- [Work order]: After locating the line with "#132=EDGE_CURVE('E104',#100,#131,#129,.T.);" in the data that follows, return it and every later line exactly, up to and including the line with "#148=ORIENTED_EDGE('',*,*,#109,.T.);".

Collected data:
= = = = = = =

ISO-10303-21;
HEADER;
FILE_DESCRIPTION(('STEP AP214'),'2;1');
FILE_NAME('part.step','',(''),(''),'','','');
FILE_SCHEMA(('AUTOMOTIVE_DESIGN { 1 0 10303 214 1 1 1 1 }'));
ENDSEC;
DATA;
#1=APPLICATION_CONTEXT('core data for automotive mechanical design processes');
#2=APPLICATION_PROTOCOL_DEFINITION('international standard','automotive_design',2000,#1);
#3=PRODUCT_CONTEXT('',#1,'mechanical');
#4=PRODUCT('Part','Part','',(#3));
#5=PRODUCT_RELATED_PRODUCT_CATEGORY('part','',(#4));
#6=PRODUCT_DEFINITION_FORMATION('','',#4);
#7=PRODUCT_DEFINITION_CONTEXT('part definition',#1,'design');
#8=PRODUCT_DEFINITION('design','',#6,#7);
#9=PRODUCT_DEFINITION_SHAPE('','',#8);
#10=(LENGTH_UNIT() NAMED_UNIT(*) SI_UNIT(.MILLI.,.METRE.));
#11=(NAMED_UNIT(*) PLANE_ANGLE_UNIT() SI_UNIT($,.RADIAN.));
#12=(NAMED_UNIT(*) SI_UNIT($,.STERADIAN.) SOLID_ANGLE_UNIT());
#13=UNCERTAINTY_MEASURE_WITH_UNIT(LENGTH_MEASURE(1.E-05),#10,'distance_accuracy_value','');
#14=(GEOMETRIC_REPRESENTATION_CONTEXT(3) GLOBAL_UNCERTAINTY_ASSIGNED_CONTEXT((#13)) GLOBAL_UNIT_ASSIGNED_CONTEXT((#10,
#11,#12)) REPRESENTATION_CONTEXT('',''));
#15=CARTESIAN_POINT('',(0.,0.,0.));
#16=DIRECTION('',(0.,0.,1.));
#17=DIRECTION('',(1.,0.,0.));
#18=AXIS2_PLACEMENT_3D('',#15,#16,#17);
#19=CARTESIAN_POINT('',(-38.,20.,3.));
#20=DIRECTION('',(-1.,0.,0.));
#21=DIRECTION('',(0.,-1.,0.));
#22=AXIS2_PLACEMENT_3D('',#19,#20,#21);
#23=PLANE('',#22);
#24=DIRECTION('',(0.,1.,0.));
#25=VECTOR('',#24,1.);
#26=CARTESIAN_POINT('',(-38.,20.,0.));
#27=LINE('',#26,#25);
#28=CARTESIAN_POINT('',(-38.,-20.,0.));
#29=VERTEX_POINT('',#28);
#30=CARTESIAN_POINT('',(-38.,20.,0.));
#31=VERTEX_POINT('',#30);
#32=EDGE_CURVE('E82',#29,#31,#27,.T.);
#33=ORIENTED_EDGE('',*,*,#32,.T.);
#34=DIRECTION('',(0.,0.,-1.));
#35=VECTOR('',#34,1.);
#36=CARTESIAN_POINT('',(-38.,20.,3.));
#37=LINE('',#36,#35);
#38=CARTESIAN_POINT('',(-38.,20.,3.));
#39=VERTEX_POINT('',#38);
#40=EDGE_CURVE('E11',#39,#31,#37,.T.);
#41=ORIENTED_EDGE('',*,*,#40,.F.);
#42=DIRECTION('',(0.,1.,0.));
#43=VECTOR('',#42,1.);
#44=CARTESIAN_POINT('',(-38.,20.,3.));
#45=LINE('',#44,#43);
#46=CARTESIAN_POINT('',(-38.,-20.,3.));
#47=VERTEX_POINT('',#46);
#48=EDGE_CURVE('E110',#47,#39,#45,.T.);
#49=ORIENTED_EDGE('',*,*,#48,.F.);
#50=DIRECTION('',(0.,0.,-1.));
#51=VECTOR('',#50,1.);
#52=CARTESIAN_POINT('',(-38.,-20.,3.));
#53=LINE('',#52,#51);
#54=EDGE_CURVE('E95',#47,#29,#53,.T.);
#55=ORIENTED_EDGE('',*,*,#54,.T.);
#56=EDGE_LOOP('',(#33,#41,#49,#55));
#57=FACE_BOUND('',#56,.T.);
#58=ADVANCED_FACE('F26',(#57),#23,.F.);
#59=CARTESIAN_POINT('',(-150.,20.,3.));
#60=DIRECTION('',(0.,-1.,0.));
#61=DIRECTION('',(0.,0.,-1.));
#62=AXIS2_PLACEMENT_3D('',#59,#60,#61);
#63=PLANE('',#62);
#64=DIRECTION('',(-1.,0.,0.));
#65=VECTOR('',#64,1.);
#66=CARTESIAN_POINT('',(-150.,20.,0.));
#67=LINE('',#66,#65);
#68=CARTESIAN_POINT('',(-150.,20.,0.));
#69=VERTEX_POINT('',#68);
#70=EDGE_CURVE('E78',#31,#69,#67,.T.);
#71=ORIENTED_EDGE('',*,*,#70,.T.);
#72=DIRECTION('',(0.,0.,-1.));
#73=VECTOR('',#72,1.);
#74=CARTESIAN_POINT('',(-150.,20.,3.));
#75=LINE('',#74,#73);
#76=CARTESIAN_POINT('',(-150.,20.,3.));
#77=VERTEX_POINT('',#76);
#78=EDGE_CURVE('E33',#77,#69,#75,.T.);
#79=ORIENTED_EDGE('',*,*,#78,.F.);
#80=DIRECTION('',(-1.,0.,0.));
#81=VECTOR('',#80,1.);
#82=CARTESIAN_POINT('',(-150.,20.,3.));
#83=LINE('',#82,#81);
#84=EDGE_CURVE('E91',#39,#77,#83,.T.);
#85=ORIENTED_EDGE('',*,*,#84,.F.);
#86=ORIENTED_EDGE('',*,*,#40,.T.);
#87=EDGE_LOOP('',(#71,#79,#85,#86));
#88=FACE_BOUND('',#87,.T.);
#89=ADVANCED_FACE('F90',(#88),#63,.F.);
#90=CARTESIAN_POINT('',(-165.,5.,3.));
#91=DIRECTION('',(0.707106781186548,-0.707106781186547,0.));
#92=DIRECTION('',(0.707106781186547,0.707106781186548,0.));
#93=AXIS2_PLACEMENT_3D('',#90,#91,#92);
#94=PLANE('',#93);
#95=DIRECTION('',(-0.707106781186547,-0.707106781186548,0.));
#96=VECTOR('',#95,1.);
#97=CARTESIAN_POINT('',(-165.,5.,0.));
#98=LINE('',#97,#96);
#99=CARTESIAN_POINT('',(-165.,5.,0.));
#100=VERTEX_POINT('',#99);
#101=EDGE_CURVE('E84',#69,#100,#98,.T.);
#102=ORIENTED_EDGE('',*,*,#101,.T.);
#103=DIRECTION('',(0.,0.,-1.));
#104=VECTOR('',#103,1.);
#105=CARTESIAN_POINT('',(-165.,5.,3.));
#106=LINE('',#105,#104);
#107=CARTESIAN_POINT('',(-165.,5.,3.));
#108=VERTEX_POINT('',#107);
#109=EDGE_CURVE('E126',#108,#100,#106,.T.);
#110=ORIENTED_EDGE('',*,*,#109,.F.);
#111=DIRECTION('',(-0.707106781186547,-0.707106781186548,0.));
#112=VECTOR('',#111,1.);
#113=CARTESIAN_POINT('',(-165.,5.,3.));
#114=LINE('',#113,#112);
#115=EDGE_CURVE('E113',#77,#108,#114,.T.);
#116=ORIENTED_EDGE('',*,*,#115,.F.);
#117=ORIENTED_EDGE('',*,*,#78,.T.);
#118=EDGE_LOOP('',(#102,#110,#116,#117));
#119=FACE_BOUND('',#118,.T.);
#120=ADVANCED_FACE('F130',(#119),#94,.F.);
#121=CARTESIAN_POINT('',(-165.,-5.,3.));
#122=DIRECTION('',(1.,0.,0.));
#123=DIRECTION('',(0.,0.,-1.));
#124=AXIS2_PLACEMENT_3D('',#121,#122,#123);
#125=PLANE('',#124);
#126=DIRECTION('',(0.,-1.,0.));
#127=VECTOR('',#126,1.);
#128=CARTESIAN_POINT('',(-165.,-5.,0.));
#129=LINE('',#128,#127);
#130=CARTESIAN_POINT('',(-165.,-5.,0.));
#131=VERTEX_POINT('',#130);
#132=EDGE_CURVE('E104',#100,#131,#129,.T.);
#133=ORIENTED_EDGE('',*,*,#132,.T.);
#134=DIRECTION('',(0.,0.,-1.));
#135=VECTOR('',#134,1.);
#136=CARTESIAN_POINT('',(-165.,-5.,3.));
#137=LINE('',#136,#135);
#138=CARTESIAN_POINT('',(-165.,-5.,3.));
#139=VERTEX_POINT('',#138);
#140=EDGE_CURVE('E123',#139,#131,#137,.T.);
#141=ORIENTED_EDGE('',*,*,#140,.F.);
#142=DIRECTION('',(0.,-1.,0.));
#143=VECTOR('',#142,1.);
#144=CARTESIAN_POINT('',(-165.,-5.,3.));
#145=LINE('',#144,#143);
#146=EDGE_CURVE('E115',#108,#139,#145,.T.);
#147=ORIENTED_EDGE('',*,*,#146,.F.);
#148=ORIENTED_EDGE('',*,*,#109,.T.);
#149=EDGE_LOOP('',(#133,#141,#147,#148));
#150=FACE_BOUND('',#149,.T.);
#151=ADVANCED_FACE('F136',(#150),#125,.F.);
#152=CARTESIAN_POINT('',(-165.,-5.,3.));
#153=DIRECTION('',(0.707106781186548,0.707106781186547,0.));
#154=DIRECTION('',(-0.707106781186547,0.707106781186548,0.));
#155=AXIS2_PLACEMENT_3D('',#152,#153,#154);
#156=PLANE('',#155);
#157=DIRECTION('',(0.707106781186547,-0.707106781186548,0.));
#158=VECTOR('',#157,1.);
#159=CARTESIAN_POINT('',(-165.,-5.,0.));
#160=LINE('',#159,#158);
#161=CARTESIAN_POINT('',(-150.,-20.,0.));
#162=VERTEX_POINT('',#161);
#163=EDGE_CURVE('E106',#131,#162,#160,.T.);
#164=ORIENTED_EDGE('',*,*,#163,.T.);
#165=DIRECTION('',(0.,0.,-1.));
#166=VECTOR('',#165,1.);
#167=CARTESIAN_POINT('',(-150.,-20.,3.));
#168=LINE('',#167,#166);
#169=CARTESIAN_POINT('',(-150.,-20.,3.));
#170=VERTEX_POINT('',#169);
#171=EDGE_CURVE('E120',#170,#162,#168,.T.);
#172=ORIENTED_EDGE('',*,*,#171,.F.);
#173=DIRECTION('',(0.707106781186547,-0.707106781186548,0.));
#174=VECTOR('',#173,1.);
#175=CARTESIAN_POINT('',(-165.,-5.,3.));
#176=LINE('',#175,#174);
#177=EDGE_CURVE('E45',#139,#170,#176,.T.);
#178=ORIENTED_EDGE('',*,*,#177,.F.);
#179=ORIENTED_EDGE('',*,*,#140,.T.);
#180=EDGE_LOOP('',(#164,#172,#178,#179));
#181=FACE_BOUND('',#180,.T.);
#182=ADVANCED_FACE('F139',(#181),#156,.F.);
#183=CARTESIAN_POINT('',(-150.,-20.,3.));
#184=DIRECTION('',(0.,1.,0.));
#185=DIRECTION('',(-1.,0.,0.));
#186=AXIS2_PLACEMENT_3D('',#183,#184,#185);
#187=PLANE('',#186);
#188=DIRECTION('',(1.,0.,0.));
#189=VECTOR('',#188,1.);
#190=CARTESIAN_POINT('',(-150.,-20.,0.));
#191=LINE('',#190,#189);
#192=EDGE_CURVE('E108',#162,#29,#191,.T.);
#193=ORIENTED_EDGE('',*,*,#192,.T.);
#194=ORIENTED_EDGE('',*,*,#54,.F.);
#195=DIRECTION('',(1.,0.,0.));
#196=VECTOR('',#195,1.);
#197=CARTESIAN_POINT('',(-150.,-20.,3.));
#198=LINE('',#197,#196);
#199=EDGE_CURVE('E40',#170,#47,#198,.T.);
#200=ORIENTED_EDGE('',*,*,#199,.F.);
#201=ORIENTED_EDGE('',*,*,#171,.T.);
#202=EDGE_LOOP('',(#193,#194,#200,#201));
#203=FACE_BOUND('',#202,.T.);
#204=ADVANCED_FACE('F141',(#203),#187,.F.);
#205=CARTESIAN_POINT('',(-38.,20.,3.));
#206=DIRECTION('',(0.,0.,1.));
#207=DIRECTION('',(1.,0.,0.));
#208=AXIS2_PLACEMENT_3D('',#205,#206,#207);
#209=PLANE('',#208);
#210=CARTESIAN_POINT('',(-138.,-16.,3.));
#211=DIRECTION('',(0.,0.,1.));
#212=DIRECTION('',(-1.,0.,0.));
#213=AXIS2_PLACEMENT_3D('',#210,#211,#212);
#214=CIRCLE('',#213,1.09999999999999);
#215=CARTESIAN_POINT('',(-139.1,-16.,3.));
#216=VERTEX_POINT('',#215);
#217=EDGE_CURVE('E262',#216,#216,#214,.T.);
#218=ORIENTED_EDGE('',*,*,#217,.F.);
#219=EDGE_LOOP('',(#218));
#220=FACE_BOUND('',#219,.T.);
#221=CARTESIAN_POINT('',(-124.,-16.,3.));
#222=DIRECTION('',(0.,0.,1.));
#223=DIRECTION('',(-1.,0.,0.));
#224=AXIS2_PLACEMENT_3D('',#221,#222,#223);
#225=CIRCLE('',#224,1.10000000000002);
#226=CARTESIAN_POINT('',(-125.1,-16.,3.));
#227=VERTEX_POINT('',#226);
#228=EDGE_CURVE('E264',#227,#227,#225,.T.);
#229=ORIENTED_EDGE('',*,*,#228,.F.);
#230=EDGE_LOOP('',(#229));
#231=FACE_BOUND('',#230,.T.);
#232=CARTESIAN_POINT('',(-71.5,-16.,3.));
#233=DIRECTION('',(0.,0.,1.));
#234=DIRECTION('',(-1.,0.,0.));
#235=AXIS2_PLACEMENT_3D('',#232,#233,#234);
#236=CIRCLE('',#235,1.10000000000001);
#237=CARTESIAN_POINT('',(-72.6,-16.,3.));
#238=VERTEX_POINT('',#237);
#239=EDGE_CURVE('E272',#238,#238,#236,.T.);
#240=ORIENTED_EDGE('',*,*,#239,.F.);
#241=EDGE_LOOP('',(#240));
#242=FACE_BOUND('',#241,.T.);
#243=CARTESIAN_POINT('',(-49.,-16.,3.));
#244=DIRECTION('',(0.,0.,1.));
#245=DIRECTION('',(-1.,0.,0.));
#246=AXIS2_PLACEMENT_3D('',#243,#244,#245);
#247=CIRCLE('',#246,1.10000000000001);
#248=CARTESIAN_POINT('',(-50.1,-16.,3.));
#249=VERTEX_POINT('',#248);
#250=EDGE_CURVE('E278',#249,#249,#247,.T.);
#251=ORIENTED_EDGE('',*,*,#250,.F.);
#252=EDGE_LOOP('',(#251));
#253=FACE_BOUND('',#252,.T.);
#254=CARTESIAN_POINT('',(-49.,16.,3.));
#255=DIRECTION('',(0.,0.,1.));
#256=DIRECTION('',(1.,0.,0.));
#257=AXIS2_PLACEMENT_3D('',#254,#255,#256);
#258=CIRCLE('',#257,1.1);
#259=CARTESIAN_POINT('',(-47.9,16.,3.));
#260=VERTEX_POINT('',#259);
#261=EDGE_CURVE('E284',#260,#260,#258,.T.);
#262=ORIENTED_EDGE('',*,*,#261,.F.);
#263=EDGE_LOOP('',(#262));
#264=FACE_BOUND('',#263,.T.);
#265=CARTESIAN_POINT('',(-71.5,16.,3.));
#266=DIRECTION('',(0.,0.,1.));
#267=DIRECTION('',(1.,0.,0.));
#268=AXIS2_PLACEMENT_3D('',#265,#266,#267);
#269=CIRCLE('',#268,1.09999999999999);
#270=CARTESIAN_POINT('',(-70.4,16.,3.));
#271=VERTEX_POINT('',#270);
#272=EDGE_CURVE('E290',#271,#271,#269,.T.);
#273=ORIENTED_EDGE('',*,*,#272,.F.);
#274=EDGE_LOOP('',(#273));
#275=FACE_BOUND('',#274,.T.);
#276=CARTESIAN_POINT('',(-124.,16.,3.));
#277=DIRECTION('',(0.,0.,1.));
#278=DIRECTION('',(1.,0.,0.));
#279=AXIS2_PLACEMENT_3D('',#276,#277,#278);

= = = = = = =

- [Your response]:
#132=EDGE_CURVE('E104',#100,#131,#129,.T.);
#133=ORIENTED_EDGE('',*,*,#132,.T.);
#134=DIRECTION('',(0.,0.,-1.));
#135=VECTOR('',#134,1.);
#136=CARTESIAN_POINT('',(-165.,-5.,3.));
#137=LINE('',#136,#135);
#138=CARTESIAN_POINT('',(-165.,-5.,3.));
#139=VERTEX_POINT('',#138);
#140=EDGE_CURVE('E123',#139,#131,#137,.T.);
#141=ORIENTED_EDGE('',*,*,#140,.F.);
#142=DIRECTION('',(0.,-1.,0.));
#143=VECTOR('',#142,1.);
#144=CARTESIAN_POINT('',(-165.,-5.,3.));
#145=LINE('',#144,#143);
#146=EDGE_CURVE('E115',#108,#139,#145,.T.);
#147=ORIENTED_EDGE('',*,*,#146,.F.);
#148=ORIENTED_EDGE('',*,*,#109,.T.);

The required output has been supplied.